Meta-analysis backs thrombectomy over standard stroke care

By Eleanor McDermid, Senior medwireNews Reporter

A meta-analysis published in JAMA confirms that stroke patients can achieve better functional outcomes after mechanical thrombectomy than after intravenous (iv) tissue plasminogen activator (tPA) alone.

They do not, however, have a reduced risk of mortality or symptomatic intracranial haemorrhage, the findings indicate.

The meta-analysis, conducted by Saleh Almenawer (McMaster University, Hamilton, Ontario, Canada) and team, included eight randomised controlled trials involving 2423 patients. Three of the included trials had a neutral result (SYNTHESIS, IMS III, MR RESCUE), while the others were positive in favour of thrombectomy (MR CLEAN, ESCAPE, EXTEND-IA, SWIFT-PRIME, REVASCAT).

In an editorial accompanying the study, Joanna Wardlaw and Martin Dennis, both from the University of Edinburgh in the UK, caution that five of the eight trials were halted early, noting that such trials often produce larger treatment effects than those that accrue their planned sample size.

In the meta-analysis, 44.6% of patients who underwent thrombectomy (mostly preceded by iv tPA) achieved functional independence, defined as a 90-day modified Rankin Scale (mRS) score of 0–2, compared with 31.8% of those given standard care with tPA.

The distribution of scores across the whole mRS indicated that patients had a significant 1.56-fold improved chance of achieving a better score with thrombectomy than with tPA alone.

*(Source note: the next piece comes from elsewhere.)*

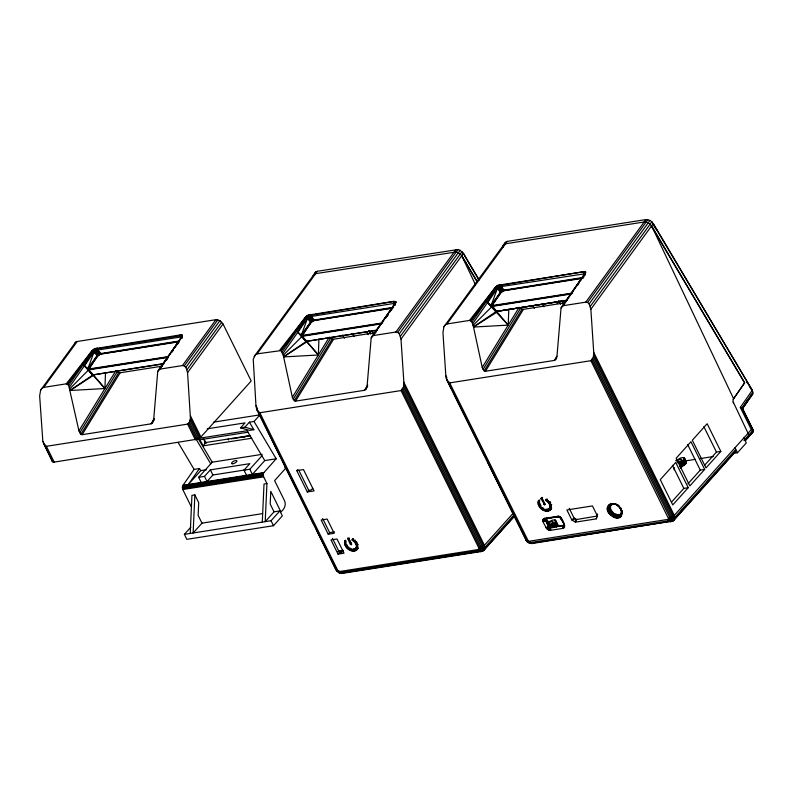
<?xml version="1.0" encoding="UTF-8"?>
<svg xmlns="http://www.w3.org/2000/svg" width="793" height="793" viewBox="0 0 793 793"><rect width="100%" height="100%" fill="white"/><g stroke="black" fill="none" stroke-linecap="round" stroke-linejoin="round"><path stroke-width="1.19" d="M43.466 443.406L46.4 446.31L187.594 424.116L189.458 422.094L190.429 418.159L187.564 372.641L185.849 367.347L184.244 365.89L182.449 365.573L159.899 369.112L157.748 371.372L153.723 419.051L152.276 423.065L151.086 423.839L82.125 434.683L80.856 434.296L78.933 430.847L68.674 385.368L66.285 383.832L43.734 387.38L42.009 388.253L40.631 390.176L39.65 395.895L42.842 441.364L52.417 461.506L54.202 462.111L197.853 439.084L200.907 437.002L251.193 380.997L223.031 323.99L219.919 320.64L215.934 319.678L77.228 341.486L75.662 342.14L40.631 390.176M355.343 549.103C358.327 546.09 354.977 541.758 352.151 540.043L352.964 538.734L352.687 539.448C366.445 549.123 343.954 555.189 346.115 541.004L344.866 540.757C342.437 547.646 354.322 555.596 358.119 547.953L357.088 549.48L357.633 548.875M401.03 390.562L403.518 386.776L403.865 382.266L401 339.087L399.285 333.794L397.68 332.336L395.876 332.019L373.325 335.568L371.183 337.818L367.149 385.507L365.712 389.522L364.512 390.295L295.561 401.129L294.282 400.743L292.359 397.293L283.26 355.234L280.97 350.605L257.16 353.827L255.435 354.699L253.235 359.308L255.951 405.52L256.902 409.852L336.153 570.018L339.949 571.466L478.714 549.47L478.744 547.824L401.03 390.562L259.826 412.756L256.902 409.852M549.4 508.6C551.304 505.329 548.27 501.86 545.634 500.135L546.248 499.461C560.017 509.096 537.446 515.361 539.597 501.097L538.358 500.849C535.919 507.788 547.913 515.718 551.68 507.966L550.58 509.562M473.51 327.063L508.224 325.11L495.883 311.758L473.471 326.875L471.974 321.948L469.575 320.412L447.024 323.96L445.309 324.823L443.931 326.746L442.95 332.475L445.825 375.654L446.766 379.976L449.7 382.89L590.894 360.696L593.392 356.9L593.739 352.399L590.864 309.22L589.149 303.917L587.544 302.47L585.749 302.153L563.199 305.692L561.048 307.942L557.023 355.631L555.576 359.645L554.386 360.418L485.425 371.263L484.156 370.876L482.223 367.427L473.51 327.063L496.477 312.422L496.805 311.5L491.898 305.731L501.444 291.14L502.762 290.347L583.638 277.401M618.808 517.849L618.788 514.895L614.02 513.616L610.63 509.453L610.471 506.112L612.493 504.051C622.564 502.812 626.609 522.369 613.544 517.165C597.813 507.768 615.784 495.843 621.811 511.158L617.846 504.953L613.128 503.743L616.647 504.328M182.459 335.32L181.627 338.353L182.459 335.32L180.031 334.963L94.684 348.692L91.938 350.873L66.285 383.832M392.406 308.239L314.325 320.521L311.322 322.285L305.374 317.319L280.97 350.605L306.088 317.606L308.824 315.545L394.478 301.409L395.053 304.799L395.895 301.776L393.457 301.409L308.11 315.138L305.374 317.319L279.711 350.278M69.824 388.788L88.469 370.063L98.144 354.57L99.462 353.767L179.109 341.01M283.26 355.234L301.905 336.51L311.58 321.016L312.898 320.223L392.545 307.456M550.292 517.958L559.739 516.491C561.454 519.841 567.52 525.729 562.921 528.366L550.511 530.319L550.243 527.147L549.42 526.651L548.389 526.393L546.03 527.623C545.406 525.303 540.281 519.93 544.573 518.315L558.53 516.233L561.355 517.789L562.762 520.634M105.499 372.532L104.934 388.53L70.22 390.483L93.624 375.218L88.588 369.488L83.087 364.8L92.652 351.16L95.398 349.089L181.458 335.568L182.073 334.953M318.935 338.978L318.36 354.986L283.646 356.929L307.06 341.664L302.024 335.935L296.523 331.246L306.088 317.606L305.89 316.784M508.799 309.111L508.224 325.11L496.924 311.798M609.857 507.262L609.827 508.353L607.309 509.255L610.63 509.453L608.895 513.19L611.968 511.753L610.967 515.49L613.068 513.765L612.92 512.764L609.847 514.399L611.195 510.633L607.597 510.573L610.035 509.502L610.323 508.283L607.269 507.996L609.857 507.262L610.471 506.112L607.944 505.815L610.679 505.478L611.611 504.536L610.154 506.291L609.827 508.353L612.047 512.853L614.218 514.508L617.787 515.45L619.779 514.875L621.286 513.329L620.522 514.251L620.78 516.768L619.799 514.598L621.286 513.329M613.068 513.765L614.02 513.616L614.218 514.508L613.544 517.165L616.439 514.736L616.29 517.988L617.787 515.45L619.799 514.598L618.857 515.281L619.878 517.423L619.779 514.875L620.651 514.072L621.464 515.916L621.375 509.037L617.846 504.953M343.557 572.764L340.326 573.319L338.383 572.447L338.581 571.208M529.456 541.946L528.257 542.571L528.445 541.332L449.7 382.89M190.221 533.441L191.946 495.367L194.87 494.901L198.706 502.673L198.131 515.371L201.977 523.142L193.135 532.985L194.87 494.901M262.285 522.111L264.019 484.027L266.944 483.571L265.209 521.655L274.051 511.812L279.889 510.89L282.348 515.866L273.516 525.709L186.831 539.339L184.373 534.363L190.806 527.206M562.921 528.366L563.04 525.789L564.289 524.669L563.04 525.789L549.787 527.642L548.389 526.393L545.574 520.704L545.624 519.217L546.704 518.394L542.967 519.564L545.376 519.881L546.347 518.503M674.189 469.872L674.288 467.721M679.75 466.859L679.948 462.557L682.991 460.644L684.428 458.235L682.922 457.571L680.969 457.878L675.646 460.654M745.222 440.799L753.013 431.957L753.31 430.312L742.545 408.514L740.325 407.374L752.27 390.285L651.876 221.772L649.982 220.424L645.918 219.582L507.173 241.399L504.715 243.273L504.606 244.928M621.276 509.83L620.77 507.867M585.759 271.9L585.234 274.249L584.352 271.533L498.698 285.668L495.952 287.74L470.834 320.729L495.238 287.453L497.984 285.272L585.373 271.533L585.234 273.298L580.526 280.663M505.617 242.034L503.04 245.652L502.94 247.317L503.099 245.642M558.668 516.947L557.717 516.253L559.075 516.937L559.115 516.441L543.324 518.969L545.624 519.217L548.389 526.393L546.526 528.425L548.835 530.13L550.511 530.319L551.076 527.236L563.486 525.293M528.445 541.332L668.826 519.266L590.894 360.696M745.361 440.402L753.35 430.738L745.261 415.363M559.075 516.937L558.53 516.233M191.262 506.707L182.767 489.529L182.628 485.812L194.097 469.387L199.489 468.534L200.748 470.645L206.586 469.734M266.944 483.571L263.326 476.097L263.454 473.104L276.192 458.79L254.038 421.46L249.398 422.183L244.918 427.179L240.537 427.863L245.017 422.877L207.251 428.815M596.336 518.86L597.535 514.201L596.336 518.86L575.411 522.151L571.862 520.01L566.886 509.958L592.45 505.934L597.416 515.995L576.64 519.504L573.983 517.908L569.235 508.293M52.417 461.506L51.436 458.76M93.624 375.218L104.934 388.53L88.469 370.063L92.88 375.515L93.683 374.772L92.84 374.901L88.102 369.538L98.144 354.57L96.449 350.565L94.684 348.692M307.06 341.664L318.36 354.986L301.905 336.51L306.316 341.961L307.109 341.218L306.276 341.357L301.528 335.984L311.58 321.016L309.875 317.012L308.11 315.138M473.124 325.368L492.066 306.425L496.705 312.105L496.983 311.352L566.083 300.488M181.627 338.353L182.023 336.123L181.052 334.963L180.041 335.608L181.042 338.819M395.053 304.799L395.895 301.776M549.698 530.329L550.223 527.751L551.076 527.236L550.243 527.147L547.983 529.724L549.42 526.651L546.02 520.208L543.215 521.933M572.506 293.39L491.888 306.058L495.883 311.758L486.387 301.38L495.952 287.74L495.754 286.917M356.384 550.233L356.919 549.628C351.438 552.86 343.597 546.119 345.411 540.162L344.866 540.757M550.481 509.641C544.999 512.873 537.148 506.132 538.962 500.175L538.358 500.849M338.125 570.841L337.144 571.436L335.905 569.701L316.357 529.397M527.989 540.965L527.008 541.569L525.769 539.835L526.374 538.645M357.584 548.558C358.743 544.771 355.809 540.717 352.419 539.329L352.112 539.587M551.066 508.64C552.225 504.863 549.291 500.809 545.911 499.421L545.594 499.679M545.852 519.584L545.574 520.704L542.908 521.1L545.376 519.881L542.828 520.287M497.984 285.272L499.749 287.145L501.444 291.14L491.531 305.662L491.501 306.921L487.665 302.381L495.952 287.74L501.186 292.409L504.199 290.644L582.28 278.373M175.322 347.056L182.34 335.677M389.383 312.511L395.766 302.123M561.048 307.942L585.64 272.257M507.173 241.399L505.498 243.788L644.253 221.971L646.226 222.05L650.21 224.161L744.558 382.821L733.257 399.226L732.96 401.427L748.85 434.97M753.31 430.312L753.251 431.63M546.516 518.444L550.243 525.987L555.001 522.28L555.724 520.555L554.218 519.891L552.265 520.198L547.834 522.29M554.079 527.097L553.395 523.648L556.24 526.919L557.687 524.996L555.457 520.198M680.404 468.177L686.391 462.676L684.428 458.235M559.501 517.036L559.739 516.491M622.138 513.725L621.345 512.466L621.742 510.216L622.138 513.725L621.058 513.438M618.857 515.281L617.598 518.037L617.648 514.935L614.922 517.69L615.209 514.29L610.967 515.49M233.192 438.678L249.884 435.694M576.64 519.504L575.411 522.151L575.53 518.83L571.862 520.01L573.983 517.908M752.408 432.73L753.013 431.957M564.17 523.479L563.714 523.985L564.586 525.581L561.474 519.068L559.511 516.967L564.338 524.094L563.625 528.148L563.04 525.789L564.11 524.966L564.17 527.712M182.152 336.242L157.748 371.372M395.588 302.688L371.183 337.818M584.956 273.744L585.452 272.822M69.397 387.162L84.365 365.801L92.652 351.16L92.464 350.337M282.823 353.609L297.801 332.247L306.088 317.606M550.223 527.751L548.835 530.13L549.787 527.642L549.42 526.651M97.242 347.978L99.462 353.767L88.102 369.538L92.583 375.178L70.171 390.305M310.678 314.424L312.898 320.223L301.528 335.984L306.009 341.634L283.607 356.751M500.542 284.558L502.762 290.347L491.402 306.108L490.946 305.741L500.462 292.102L498.381 287.899L496.458 286.273M564.338 524.094L563.664 525.462L564.527 527.117L563.912 524.797L564.666 526.393M527.008 541.569L525.898 539.319M78.933 430.847L115.897 370.678L117.166 371.867L120.139 372.769L162.476 366.118M79.697 432.899L117.166 371.867M80.856 434.296L118.722 372.641M82.125 434.683L120.139 372.769M151.086 423.839L154.308 418.595M152.276 423.065L154.209 419.933M292.359 397.293L329.333 337.124L330.602 338.314L333.566 339.226L375.902 332.564M293.123 399.345L330.602 338.314M294.282 400.743L332.158 339.087M295.561 401.129L333.566 339.226M364.512 390.295L367.734 385.041M365.712 389.522L367.635 386.379M482.223 367.427L519.197 307.258L520.466 308.447L523.43 309.349L564.566 302.886M482.996 369.479L520.466 308.447M484.156 370.876L522.022 309.22M485.425 371.263L523.43 309.349M554.386 360.418L556.964 356.226M555.576 359.645L556.864 357.554M742.783 408.008L747.858 399.771M173.419 350.02L172.16 352.003L172.131 350.803M386.221 317.458L388.124 314.494M577.354 285.609L579.257 282.645M262.077 473.322L262.414 472.816M733.257 399.226L744.726 382.791L651.608 225.876L653.283 223.487L752.27 390.285L752.864 393.774L742.545 408.514M159.899 369.112L181.934 336.728L158.709 369.825M373.325 335.568L395.36 303.174L372.135 336.272M563.199 305.692L585.234 273.298L562.009 306.405M177.563 344.202L178.921 342.249M386.934 316.496L388.292 314.543M390.999 310.648L393.705 306.752M582.895 277.857L584.927 274.933M180.031 334.963L181.538 337.184L181.458 335.568L181.934 337.669L180.526 337.015L97.737 350.03L93.961 352.132L84.365 365.801L88.201 370.351L87.646 369.161L97.162 355.522L95.081 351.329L93.158 349.703M87.646 369.161L97.519 355.77L100.8 353.321L97.737 350.03M166.49 360.131L167.908 358.099M395.37 304.115L393.952 303.461L311.173 316.476L307.397 318.578L297.801 332.247L301.637 336.797L301.072 335.608L310.598 321.968L308.517 317.775L306.584 316.149M301.072 335.608L310.955 322.216L314.236 319.767L311.173 316.476M490.946 305.741L500.819 292.349L504.1 289.901L501.037 286.61L497.261 288.711L472.697 323.732M68.674 385.368L83.087 364.8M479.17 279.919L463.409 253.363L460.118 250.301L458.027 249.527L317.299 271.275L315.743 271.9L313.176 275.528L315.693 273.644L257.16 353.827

Patients given thrombectomy also achieved higher rates of recanalisation at 24 hours than those treated with tPA, at 75.8% versus 34.1%.

However, Wardlaw and Dennis say that only about 7% of all ischaemic stroke patients, and 6% of all stroke patients admitted to hospital, are likely to be eligible for thrombectomy – in other words, those with no contraindications and a confirmed thrombus. They also note that thrombectomy is currently considered a highly specialist technique, rarely performed even in dedicated stroke centres, further limiting the number of patients who can currently benefit.

About 5% of patients in the meta-analysis had symptomatic intracranial haemorrhage, regardless of whether they received thrombectomy or tPA alone, and a respective 16.9% and 18.4% of patients in the treatment groups died.

The editorialists highlight several unanswered questions, including the influence of advanced age and comorbidities, and the time window in which thrombolysis can be undertaken; those in the studies ranged from 6 to 12 hours after symptom onset.

They add: “Studies also are needed to determine how to implement thrombectomy in routine practice, including testing the thorny question of who should perform the procedure, and whether the balance of benefit, cost, and service efficiency favor treating just those patients who individually will gain most or treating all patients with a reasonable chance of some worthwhile benefit.”